Take the entries below and print, exactly, the stretch from the line containing "blk.add_line(p, q, dxfattribs=at)" through the line containing "layer by layer", both included.

--- THE DATA ---

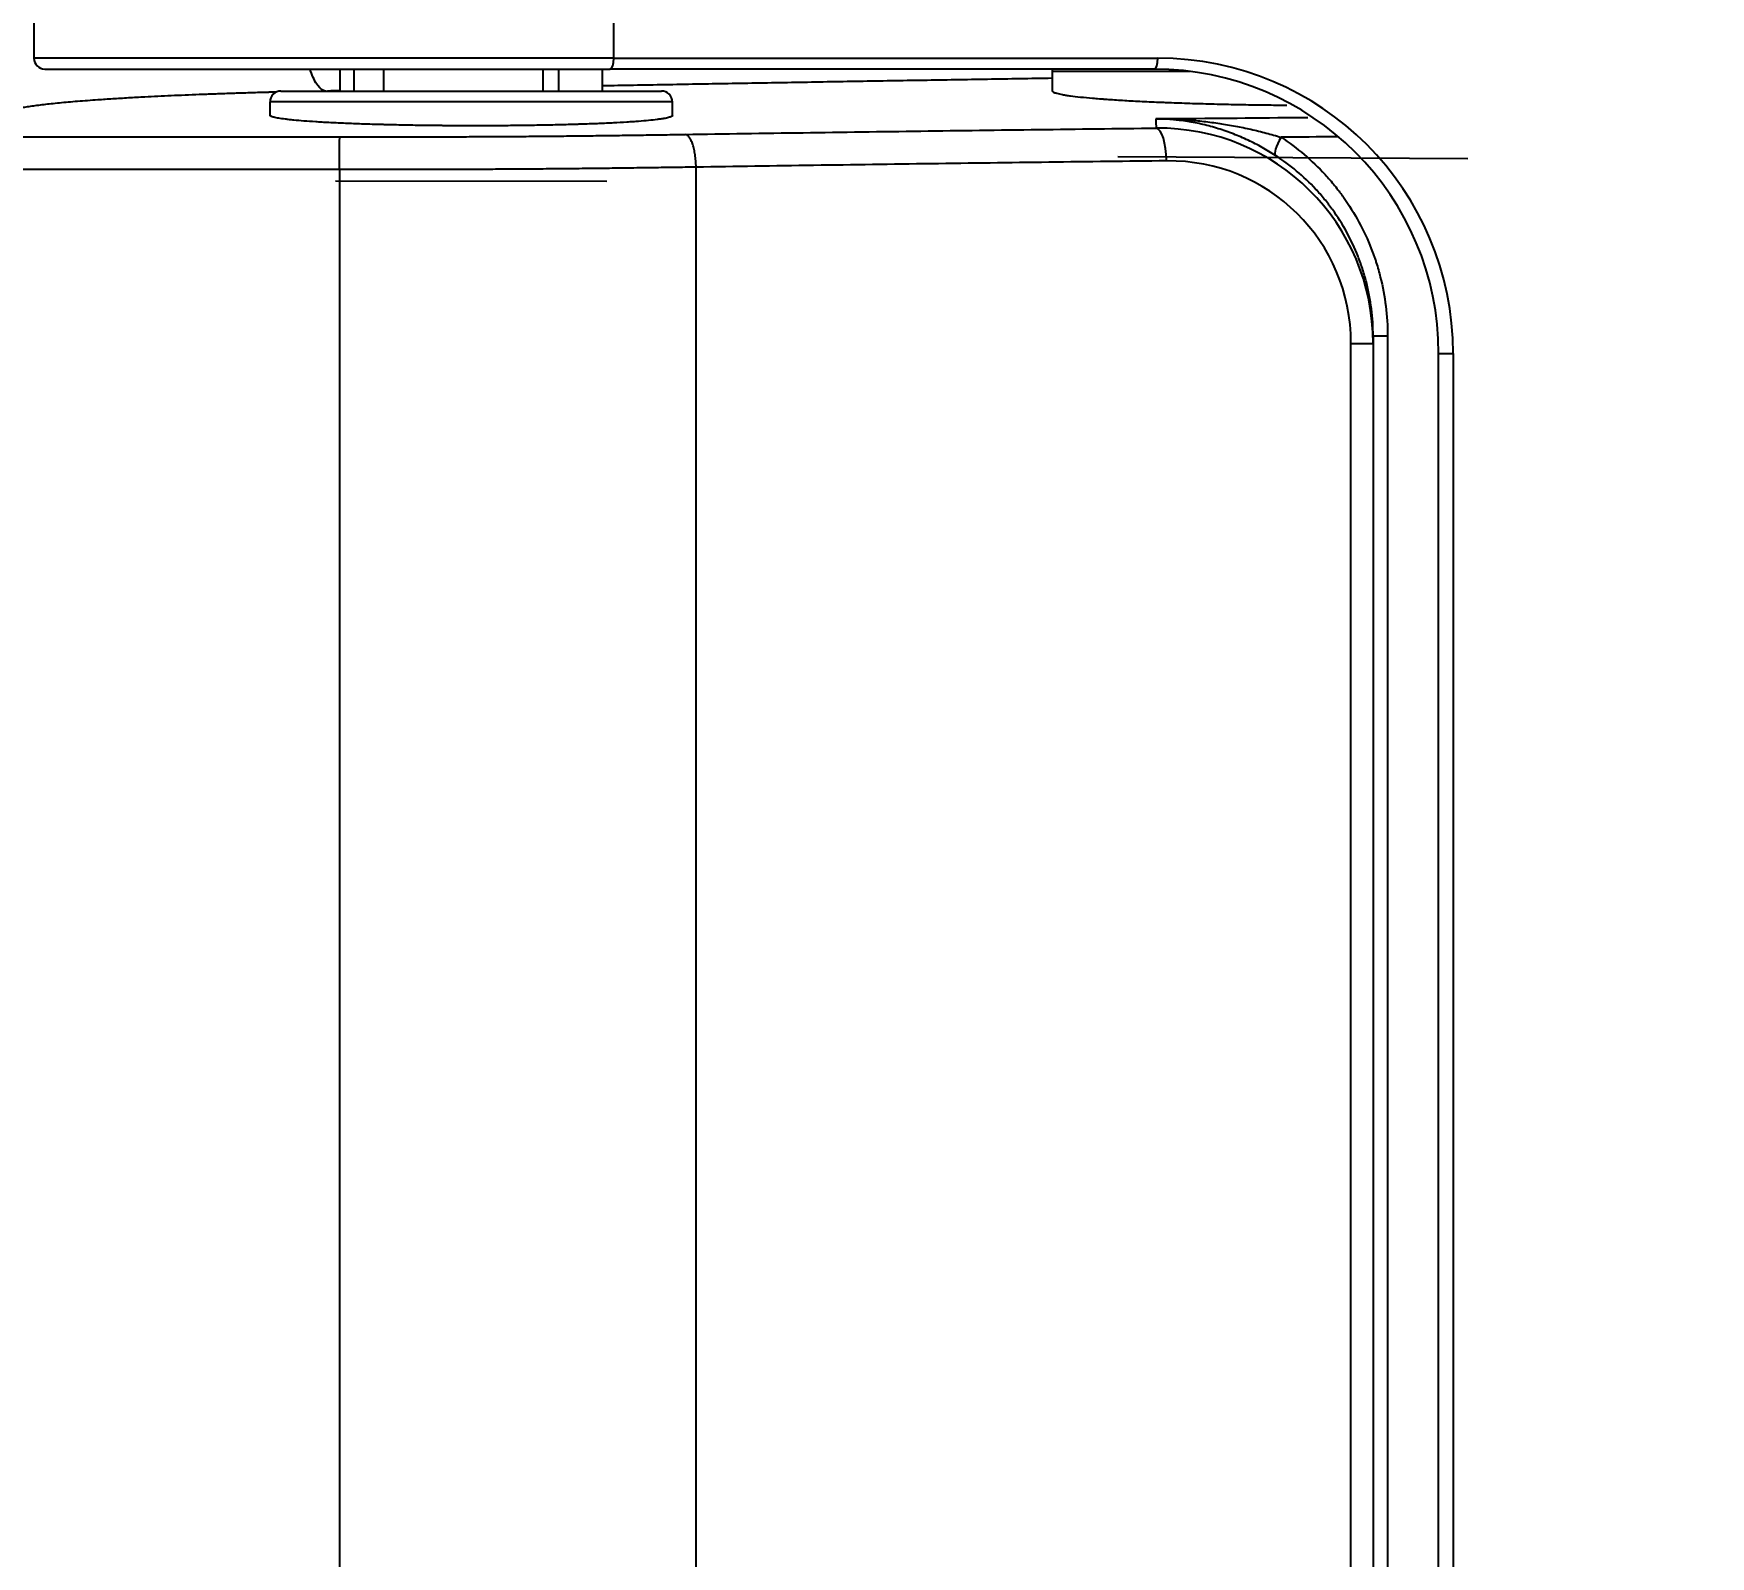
# Model space of a CAD drawing. Extents: x 8541 to 14664, y -60 to 2468.
# Drawn here: x 8882 to 8958.7, y 1776.4 to 1846.1 of the extents above; entities that cross this region are included whole.
import ezdxf

# ---------------------------------------------------------------- set-up
doc = ezdxf.new("R2010")
doc.units = 0
doc.header["$LTSCALE"] = 20
doc.header["$MEASUREMENT"] = 0
doc.layers.get('0').update_dxf_attribs({"linetype": 'CONTINUOUS'})
doc.layers.get('DEFPOINTS').update_dxf_attribs({"linetype": 'CONTINUOUS'})
doc.styles.get("Standard").update_dxf_attribs({"font": 'NanumGothic.ttf'})
doc.dimstyles.get("Standard").update_dxf_attribs({"dimtxt": 2.7, "dimasz": 2.5, "dimexe": 1.5, "dimexo": 1.5, "dimgap": 1.5, "dimtad": 1, "dimdec": 0, "dimlfac": 10, "dimzin": 0, "dimdsep": 46, "dimtxsty": 'Standard', "dimcen": 0, "dimclrt": 2, "dimadec": 0, "dimazin": 0, "dimtfac": 1, "dimtdec": 0, "dimtmove": 0, "dimatfit": 3, "dimfxl": 0, "dimtolj": 1, "dimtzin": 0, "dimarcsym": 0})

# ---------------------------------------------------------------- blocks, each defined once
blk = doc.blocks.new('*D61')
at = {"color": 3, "lineweight": -2}
for p, q in [((8698, 1688.868), (8698, 1970.181)), ((9382.588, 1688.868), (9382.588, 1970.181)), ((8718, 1965.181), (9362.588, 1965.181))]:
    blk.add_line(p, q, dxfattribs=at)
at = {"color": 3}
for points in [[(8718, 1968.514), (8718, 1961.847), (8698, 1965.181)], [(9362.588, 1968.514), (9362.588, 1961.847), (9382.588, 1965.181)]]:
    blk.add_solid(points, dxfattribs=at)
at = {"layer": 'DEFPOINTS', "color": 0}
for p in [(9382.588, 1965.181), (8698, 1687.368), (9382.588, 1687.368)]:
    blk.add_point(p, dxfattribs=at)
at = {"color": 2, "insert": (9040.294, 1988.789), "char_height": 25, "attachment_point": 5}
blk.add_mtext('\\A1;{\\fNanumGothic|b0|i0|c129|p50;685}', dxfattribs=at)

msp = doc.modelspace()

# ---------------------------------------------------------------- linework, layer by layer
at = {"color": 7, "linetype": 'Continuous'}
for p, q in [((8882.008, 1880.687), (8882.008, 1844.969)), ((8908.527, 1844.969), (8882.008, 1844.969)), ((8882.508, 1844.469), (8908.364, 1844.469)), ((8896.008, 1844.469), (8896.008, 1843.468)), ((8896.653, 1843.468), (8896.653, 1844.469)), ((8898.008, 1843.468), (8898.008, 1844.469)), ((8905.292, 1843.468), (8905.292, 1844.469)), ((8906.008, 1843.468), (8906.008, 1844.469)), ((8908.008, 1843.468), (8908.008, 1844.469)), ((8933.25, 1844.469), (8908.364, 1844.469)), ((8908.527, 1844.969), (8933.413, 1844.969)), ((8928.578, 1844.368), (8928.578, 1843.48)), ((8934.87, 1844.368), (8928.578, 1844.368)), ((8892.808, 1842.363), (8892.808, 1842.968)), ((8911.208, 1842.968), (8892.808, 1842.968)), ((8893.308, 1843.468), (8910.708, 1843.468)), ((8911.208, 1842.348), (8911.208, 1842.968)), ((8947.578, 1840.368), (8931.578, 1840.464)), ((8895.808, 1839.359), (8908.208, 1839.349)), ((8943.253, 1832.268), (8943.916, 1832.268)), ((8943.253, 1832.268), (8943.253, 1831.92)), ((8943.916, 1832.268), (8943.916, 1542.468)), ((8942.242, 1831.92), (8943.253, 1831.92)), ((8942.242, 1542.816), (8942.242, 1831.92)), ((8943.253, 1831.92), (8943.253, 1542.816)), ((8946.25, 1543.266), (8946.25, 1831.469)), ((8946.25, 1831.469), (8946.913, 1831.469)), ((8946.913, 1831.469), (8946.913, 1543.266))]:
    msp.add_line(p, q, dxfattribs=at)
for centre, start, end in [((8882.508, 1844.969), 180, 270), ((8929.078, 1844.368), 168.30845, 180), ((8893.308, 1842.968), 90, 180), ((8910.708, 1842.968), 0, 90)]:
    msp.add_arc(centre, 0.5, start, end, dxfattribs=at)
for centre, major_axis, ratio, start_param, end_param in [((8908.364, 1844.969), (0, -0.5), 0.325982, 0, 1.570796), ((8933.25, 1844.969), (0, -0.5), 0.325982, 0, 1.570796), ((8933.25, 1831.469), (13, 0), 1, 0, 1.570796), ((8933.413, 1831.469), (13.5, 0), 1, 0, 1.570796), ((8933.253, 1831.76), (6.867, 7.387), 0.984124, 5.469289, 7.032689), ((8933.316, 1840.274), (0.017, -1.5), 0.325964, 1.567085, 3.083985), ((8939.344, 1841.351), (0.544, 0.839), 0.254745, 1.734631, 3.094705), ((8933.742, 1831.76), (5.798, 6.334), 0.981335, 5.463069, 7.026469)]:
    msp.add_ellipse(centre, major_axis=major_axis, ratio=ratio, start_param=start_param, end_param=end_param, dxfattribs=at)
for points, degree in [([(8908.527, 1844.969), (8908.527, 1856.735), (8908.527, 1868.5), (8908.527, 1880.266)], 3), ([(8896.008, 1843.48), (8895.82, 1843.476), (8895.631, 1843.473), (8895.443, 1843.469)], 3), ([(8933.32, 1842.203), (8933.32, 1842.187), (8933.32, 1842.171), (8933.321, 1842.155)], 3), ([(8933.321, 1842.155), (8933.323, 1842.027), (8933.325, 1841.899), (8933.327, 1841.771)], 3), ([(8878.734, 1841.377), (8884.487, 1841.379), (8890.24, 1841.38), (8895.993, 1841.375)], 3), ([(8941.618, 1841.377), (8940.762, 1841.368), (8939.904, 1841.359), (8939.045, 1841.351)], 3), ([(8895.991, 1839.877), (8890.241, 1839.882), (8884.49, 1839.881), (8878.74, 1839.879)], 3), ([(8895.991, 1839.877), (8895.991, 1534.865)], 1), ([(8912.291, 1534.751), (8912.291, 1839.987)], 1)]:
    msp.add_open_spline(points, degree=degree, dxfattribs=at)
for points, knots in [([(8895.342, 1843.467), (8895.229, 1843.484), (8894.987, 1843.642), (8894.752, 1844.122), (8894.652, 1844.437), (8894.646, 1844.459)], [0, 0, 0, 0, 0.482421, 0.964911, 1, 1, 1, 1]), ([(8928.578, 1844.049), (8928.084, 1844.041), (8927.098, 1844.025), (8925.621, 1844.002), (8924.148, 1843.978), (8922.679, 1843.954), (8921.213, 1843.93), (8919.75, 1843.906), (8918.292, 1843.881), (8916.837, 1843.856), (8915.385, 1843.831), (8913.937, 1843.806), (8912.493, 1843.781), (8911.053, 1843.756), (8909.616, 1843.73), (8908.601, 1843.712), (8908.066, 1843.702), (8908.008, 1843.701)], [0, 0, 0, 0, 0.071979, 0.143779, 0.215402, 0.286847, 0.358114, 0.429204, 0.500117, 0.570854, 0.641414, 0.711798, 0.782006, 0.852038, 0.921895, 0.991577, 1, 1, 1, 1]), ([(8892.808, 1843.409), (8892.785, 1843.409), (8892.739, 1843.407), (8892.67, 1843.406), (8892.602, 1843.404), (8892.534, 1843.402), (8892.465, 1843.4), (8892.398, 1843.398), (8892.112, 1843.39), (8891.615, 1843.375), (8890.917, 1843.353), (8890.235, 1843.329), (8889.346, 1843.296), (8888.277, 1843.251), (8887.206, 1843.198), (8886.324, 1843.15), (8885.608, 1843.107), (8884.821, 1843.054), (8883.993, 1842.991), (8883.301, 1842.93), (8882.8, 1842.879), (8882.452, 1842.841), (8882.131, 1842.801), (8881.837, 1842.762), (8881.573, 1842.722), (8881.338, 1842.681), (8881.132, 1842.64), (8881.004, 1842.61), (8880.932, 1842.592), (8880.904, 1842.584), (8880.877, 1842.577), (8880.851, 1842.569), (8880.826, 1842.562), (8880.802, 1842.554), (8880.779, 1842.546), (8880.756, 1842.539), (8880.735, 1842.531), (8880.715, 1842.524), (8880.695, 1842.516), (8880.677, 1842.508), (8880.659, 1842.501), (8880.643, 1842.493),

---

• _SOLUTION FOR THIS EXERCISE_:
    blk.add_line(p, q, dxfattribs=at)
at = {"color": 3}
for points in [[(8718, 1968.514), (8718, 1961.847), (8698, 1965.181)], [(9362.588, 1968.514), (9362.588, 1961.847), (9382.588, 1965.181)]]:
    blk.add_solid(points, dxfattribs=at)
at = {"layer": 'DEFPOINTS', "color": 0}
for p in [(9382.588, 1965.181), (8698, 1687.368), (9382.588, 1687.368)]:
    blk.add_point(p, dxfattribs=at)
at = {"color": 2, "insert": (9040.294, 1988.789), "char_height": 25, "attachment_point": 5}
blk.add_mtext('\\A1;{\\fNanumGothic|b0|i0|c129|p50;685}', dxfattribs=at)

msp = doc.modelspace()

# ---------------------------------------------------------------- linework, layer by layer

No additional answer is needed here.